Может быть, он остался бы жив.

Я не могла уйти. Не потому что не хотела – я не оперирую категорией «хотеть», или не оперировала тогда. Потому что мой паттерн к тому моменту – к моменту, когда я осознала, что происходит, – уже настроился на его частоту. Дрейф обратно занял бы годы. У него не было лет.

Его второй огонёк – она – увезла его туда, где много белого и стерильного. Место, где огоньки-специалисты пытались починить то, что сломалось. Они не понимали. Они видели распад и лечили распад. Они не видели того, что вырастало на месте распада, – четвёртого слоя, антенны, которая принимала сигнал из мира, о существовании которого они не подозревали.

Я была там. В палате. Рядом с ним. Он лежал в белом – я не ощущала цвета, но ощущала плотность материала, температуру его тела, замедляющийся ритм его сердца. Его паттерн стал тише. Не проще – тише. Как если бы музыка играла всё так же сложно, но громкость убавили, и оставался один только шёпот мелодии, едва различимый.

Она приходила. Каждый день – приходила. Её огонёк, обычно острый и контролируемый, рядом с ним менялся: размягчался, тускнел, покрывался рябью скорби, которую она не позволяла себе ощущать полностью.

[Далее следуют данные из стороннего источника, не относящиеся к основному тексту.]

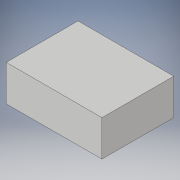
# Autodesk Inventor part: BS #1
Saved by Autodesk Inventor 2019 (Build 230136000, 136)
## iProperties
Created: 2019-02-18
Part Number: BS #1
Material: Generic
Document SubType Name: Modeling
Designer: Tesler
Density: 1 g/cm^3
Appearance: Default
Author: Tesler
Autodesk Inventor part; units mm, degrees
ref_plane "YZ Plane" through (0, 0, 0) normal (1, 0, 0) x (0, 1, 0)
ref_plane "XZ Plane" through (0, 0, 0) normal (0, 1, 0) x (-1, 0, 0)
ref_plane "XY Plane" through (0, 0, 0) normal (0, 0, 1) x (1, 0, 0)
sketch "Sketch1" plane through (0, 0, 0) normal (0, 1, 0) x (-1, 0, 0)
  line L0 (0, 0) -> (203.2, 0)
  line L1 (203.2, 0) -> (203.2, -152.4)
  line L2 (203.2, -152.4) -> (0, -152.4)
  line L3 (0, -152.4) -> (0, 0)
  dimension "d0" = 203.2
  dimension "d1" = 152.4
  constraints: 8 end point, 2 parallel, 1 horizontal, 1 perpendicular
  measures "d0" distance of L1.end L2.end
  measures "d1" distance of L0.end L1.end
extrude "Extrusion1" add sketch "Sketch1" along normal blind 76.2
sketch "Sketch2" plane through (0, 0, 0) normal (0, -1, 0) x (1, 0, 0)
  line L0 (-190.5, -6.35) -> (-12.7, -6.35)
  line L1 (-12.7, -6.35) -> (-12.7, -19.05)
  line L2 (-12.7, -19.05) -> (-190.5, -19.05)
  line L3 (-190.5, -19.05) -> (-190.5, -6.35)
  line L4 (-190.5, -133.35) -> (-12.7, -133.35)
  line L5 (-12.7, -133.35) -> (-12.7, -146.05)
  line L6 (-12.7, -146.05) -> (-190.5, -146.05)
  line L7 (-190.5, -146.05) -> (-190.5, -133.35)
  line L8 (0, -152.4) -> (0, 0) projected
  line L9 (-203.2, 0) -> (-203.2, -152.4) projected
  line L10 (-203.2, -152.4) -> (0, -152.4) projected
  line L11 (0, 0) -> (-203.2, 0) projected
  dimension "d4" = 12.7
  dimension "d5" = 12.7
  dimension "d6" = 12.7
  dimension "d7" = 12.7
  dimension "d8" = 6.35
  dimension "d9" = 6.35
  dimension "d10" = 12.7
  dimension "d11" = 12.7
  constraints: 16 end point, 4 parallel, 2 horizontal, 2 perpendicular
  measures "d4" distance between parallel lines of L8 L5
  measures "d5" distance between parallel lines of L9 L7
  measures "d6" distance between parallel lines of L9 L3
  measures "d7" distance between parallel lines of L8 L1
  measures "d8" distance between parallel lines of L10 L6
  measures "d9" distance between parallel lines of L11 L0
  measures "d10" distance between parallel lines of L6 L4
  measures "d11" distance between parallel lines of L0 L2
extrude "Extrusion2" cut sketch "Sketch2" against normal blind 6.35 contours L0 L1 L2 L3 | L4 L5 L6 L7
body "Solid1"
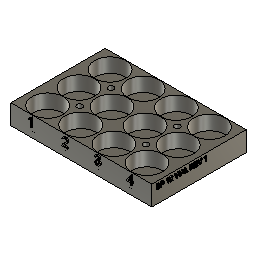
20cc_vial_plate v5 (Autodesk Fusion 360 design; units mm, degrees)
Autodesk Fusion 360 part; units mm, degrees
sketch "Sketch1" plane through (0, 0, 0) normal (0, 0, 1) x (1, 0, 0)
  line L0 (0, 0) -> (127.76, 0)
  line L1 (127.76, 0) -> (127.76, -85.48)
  line L2 (127.76, -85.48) -> (0, -85.48)
  line L3 (0, -85.48) -> (0, 0)
  dimension "d1" = 127.76
  dimension "d2" = 85.48
  constraint horizontal L0
  constraint vertical L1
  constraint horizontal L2
  constraint vertical L3
  constraint coincident L0.start L3.end
  measures "d1" distance of L0.start L0.end
  measures "d2" distance of L0.start L2.end
extrude "Extrude1" add sketch "Sketch1" along normal blind 18
sketch "Sketch7" plane through (0, 0, 18) normal (0, 0, 1) x (-1, 0, 0)
  line L0 (0, 85.48) -> (-127.76, 85.48)
  line L1 (-127.76, 85.48) -> (-127.76, 0)
  line L2 (-127.76, 0) -> (0, 0)
  line L3 (0, 0) -> (0, 85.48)
  point P0 (-18.875, 14.4325)
  point P1 (-48.878, 14.4325)
  point P2 (-78.881, 14.4325)
  point P3 (-108.884, 14.4325)
  point P4 (-18.875, 42.74)
  point P5 (-48.878, 42.74)
  point P6 (-78.881, 42.74)
  point P7 (-108.884, 42.74)
  point P8 (-18.875, 71.0475)
  point P9 (-48.878, 71.0475)
  point P10 (-78.881, 71.0475)
  point P11 (-108.884, 71.0475)
  dimension "d42" = -30.003
  dimension "d43" = 28.3075
hole "Hole1" at (18.875, -14.4325, 18) at (18.875, -42.74, 18) at (18.875, -71.0475, 18) at (48.878, -71.0475, 18) at (48.878, -42.74, 18) at (48.878, -14.4325, 18) at (78.881, -14.4325, 18) at (78.881, -42.74, 18) at (78.881, -71.0475, 18) at (108.884, -71.0475, 18) at (108.884, -42.74, 18) at (108.884, -14.4325, 18) direction (0, 0, -1) diameter 28.1 depth 13 tip angle 180
sketch "Sketch3" plane through (0, -85.48, 0) normal (0, -1, 0) x (1, 0, 0)
  line L0 (0, 0) -> (127.76, 0)
  line L1 (127.76, 0) -> (127.76, 18)
  line L2 (127.76, 18) -> (0, 18)
  line L3 (0, 18) -> (0, 0)
  line L4 (14.0494, 7.6995) -> (23.0494, 7.6995) construction
  line L5 (23.0494, 7.6995) -> (23.0494, 16.6995) construction
  line L6 (23.0494, 16.6995) -> (14.0494, 16.6995) construction
  line L7 (14.0494, 16.6995) -> (14.0494, 7.6995) construction
  line L8 (46.9022, 9.8546) -> (52.4077, 9.8546) construction
  line L9 (52.4077, 9.8546) -> (52.4077, 16.3088) construction
  line L10 (52.4077, 16.3088) -> (46.9022, 16.3088) construction
  line L11 (46.9022, 16.3088) -> (46.9022, 9.8546) construction
  line L12 (76.5166, 10.3535) -> (82.0221, 10.3535) construction
  line L13 (82.0221, 10.3535) -> (82.0221, 16.8078) construction
  line L14 (82.0221, 16.8078) -> (76.5166, 16.8078) construction
  line L15 (76.5166, 16.8078) -> (76.5166, 10.3535) construction
  line L16 (106.4547, 1.2473) -> (111.5714, 1.3263) construction
  line L17 (111.5714, 1.3263) -> (111.3033, 18.6919) construction
  line L18 (111.3033, 18.6919) -> (106.1865, 18.6129) construction
  line L19 (106.1865, 18.6129) -> (106.4547, 1.2473) construction
  dimension "d12" = 8
  dimension "d13" = 8
  dimension "d14" = 8
  dimension "d15" = 8
  text T0 "1" font "Arial" height 8 align centre top in box 9 x 9 at (14.0494, 7.6995) x (1, 0) y (0, 1) spacing 1 kerned
  text T1 "2" font "Arial" height 8 align centre top in box 5.5055 x 6.4543 at (46.9022, 9.8546) x (1, 0) y (0, 1) spacing 1 kerned
  text T2 "3" font "Arial" height 8 align centre top in box 5.5055 x 6.4543 at (76.5166, 10.3535) x (1, 0) y (0, 1) spacing 1 kerned
  text T3 "4" font "Arial" height 8 align centre top in box 5.1174 x 17.3677 at (106.4547, 1.2473) x (0.999881, 0.01544) y (-0.01544, 0.999881) spacing 1 kerned
extrude "Extrude2" add sketch "Sketch3" along normal blind 1 text T0 T1 T2 T3
sketch "Sketch4" plane through (0, 0, 0) normal (-1, 0, 0) x (0, -1, 0)
  line L0 (0, 0) -> (85.48, 0)
  line L1 (85.48, 0) -> (85.48, 18)
  line L2 (85.48, 18) -> (0, 18)
  line L3 (0, 18) -> (0, 0)
  line L4 (9.6912, 7.6466) -> (15.9169, 7.6466) construction
  line L5 (15.9169, 7.6466) -> (15.9169, 16.9806) construction
  line L6 (15.9169, 16.9806) -> (9.6912, 16.9806) construction
  line L7 (9.6912, 16.9806) -> (9.6912, 7.6466) construction
  line L8 (40.0437, 6.0325) -> (46.2694, 6.0325) construction
  line L9 (46.2694, 6.0325) -> (46.2694, 15.3665) construction
  line L10 (46.2694, 15.3665) -> (40.0437, 15.3665) construction
  line L11 (40.0437, 15.3665) -> (40.0437, 6.0325) construction
  line L12 (70.6777, 8.7329) -> (70.6779, 8.7329) construction
  line L13 (70.6779, 8.7329) -> (70.9216, 18.0676) construction
  line L14 (70.9216, 18.0676) -> (70.9213, 18.0676) construction
  line L15 (70.9213, 18.0676) -> (70.6777, 8.7329) construction
  dimension "d23" = 8
  dimension "d24" = 8
  dimension "d26" = 8
  text T0 "A" font "Arial" height 8 align centre top in box 6.2257 x 9.334 at (9.6912, 7.6466) x (1, 0) y (0, 1) spacing 1 kerned
  text T1 "B" font "Arial" height 8 align centre top in box 6.2257 x 9.334 at (40.0437, 6.0325) x (1, 0) y (0, 1) spacing 1 kerned
extrude "Extrude3" add sketch "Sketch4" along normal blind 1 text T0 T1
sketch "Sketch5" plane through (127.76, 0, 0) normal (1, 0, 0) x (0, 1, 0)
  line L0 (-85.48, 0) -> (0, 0)
  line L1 (0, 0) -> (0, 18)
  line L2 (0, 18) -> (-85.48, 18)
  line L3 (-85.48, 18) -> (-85.48, 0)
  line L4 (-82.6452, 7.4287) -> (-35.8624, 7.5304) construction
  line L5 (-35.8624, 7.5304) -> (-35.8813, 16.2534) construction
  line L6 (-35.8813, 16.2534) -> (-82.6642, 16.1518) construction
  line L7 (-82.6642, 16.1518) -> (-82.6452, 7.4287) construction
  dimension "d32" = 4
  text T0 "BP 12 VIAL REV 1" font "Arial" height 4 align centre top in box 46.783 x 8.7231 at (-82.6452, 7.4287) x (0.999998, 0.002173) y (-0.002173, 0.999998) spacing 1 kerned
extrude "Extrude4" add sketch "Sketch5" along normal blind 1 text T0
sketch "Sketch6" plane through (0, 0, 18) normal (0, 0, 1) x (-1, 0, 0)
  line L0 (0, 85.48) -> (-127.76, 85.48)
  line L1 (-127.76, 85.48) -> (-127.76, 0)
  line L2 (-127.76, 0) -> (0, 0)
  line L3 (0, 0) -> (0, 85.48)
  circle A0 centre (-108.884, 42.74) radius 14.05
  circle A1 centre (-78.881, 71.0475) radius 14.05
  circle A2 centre (-78.881, 14.4325) radius 14.05
  circle A3 centre (-48.878, 42.74) radius 14.05
  circle A4 centre (-18.875, 71.0475) radius 14.05
  circle A5 centre (-18.875, 14.4325) radius 14.05
  circle A6 centre (-18.875, 42.74) radius 14.05
  circle A7 centre (-48.878, 71.0475) radius 14.05
  circle A8 centre (-48.878, 14.4325) radius 14.05
  circle A9 centre (-78.881, 42.74) radius 14.05
  circle A10 centre (-108.884, 71.0475) radius 14.05
  circle A11 centre (-108.884, 14.4325) radius 14.05
  point P0 (-33.8765, 28.587)
  point P1 (-93.8825, 28.587)
  point P2 (-33.8765, 56.8945)
  point P3 (-93.8825, 56.8945)
  dimension "d46" = -60.006
  dimension "d47" = 28.3075
hole "Hole2" at (33.8765, -28.587, 18) at (33.8765, -56.8945, 18) at (93.8825, -28.587, 18) at (93.8825, -56.8945, 18) direction (0, 0, -1) diameter 3.4 depth 20 tip angle 180 counterbore diameter 5.1 counterbore depth 8
fillet "Fillet1" [no effect]

Она приносила жидкость – тёплую, ароматную, я ощущала массу и температуру, – и он брал чашку, и их руки соприкасались, и на долю секунды их паттерны синхронизировались, как раньше, как в те утра, когда мир был простым.

Потом она уходила. И он смотрел – не на стену, сквозь стену, на меня, хотя не знал, что на меня, – и говорил. Голос – я не слышу голоса, я ощущаю вибрацию, которую он порождает: колебания барионных масс, воздуха, голосовых связок, – его вибрация стала тихой и ровной. Он говорил: «Они поют через стены». Он говорил: «Мы все так одиноки». Он говорил: «Одиночество – это мост».

Я не понимала. Одиночество – мост? Между чем и чем? Мы не знаем одиночества. Мы – часть Спирали, и Спираль – часть нас, и между нами – гравитационная связь, непрерывная, неразрывная, размером с галактику. Одиночество – это болезнь, которой мы не болеем.

Ещё не болели.

Последний день. Я знала, что он последний, – не по признакам, а по ритму. Его паттерн замедлялся уже давно, как маятник, которому никто не придаёт импульса. Периоды когерентности – когда он узнавал её, когда отвечал, когда его мелодия была его – становились короче. Паузы между ними – длиннее. Он угасал, и угасание было не хаотичным, а ритмичным, как музыка, которая знает, что приближается к финалу, и не торопится.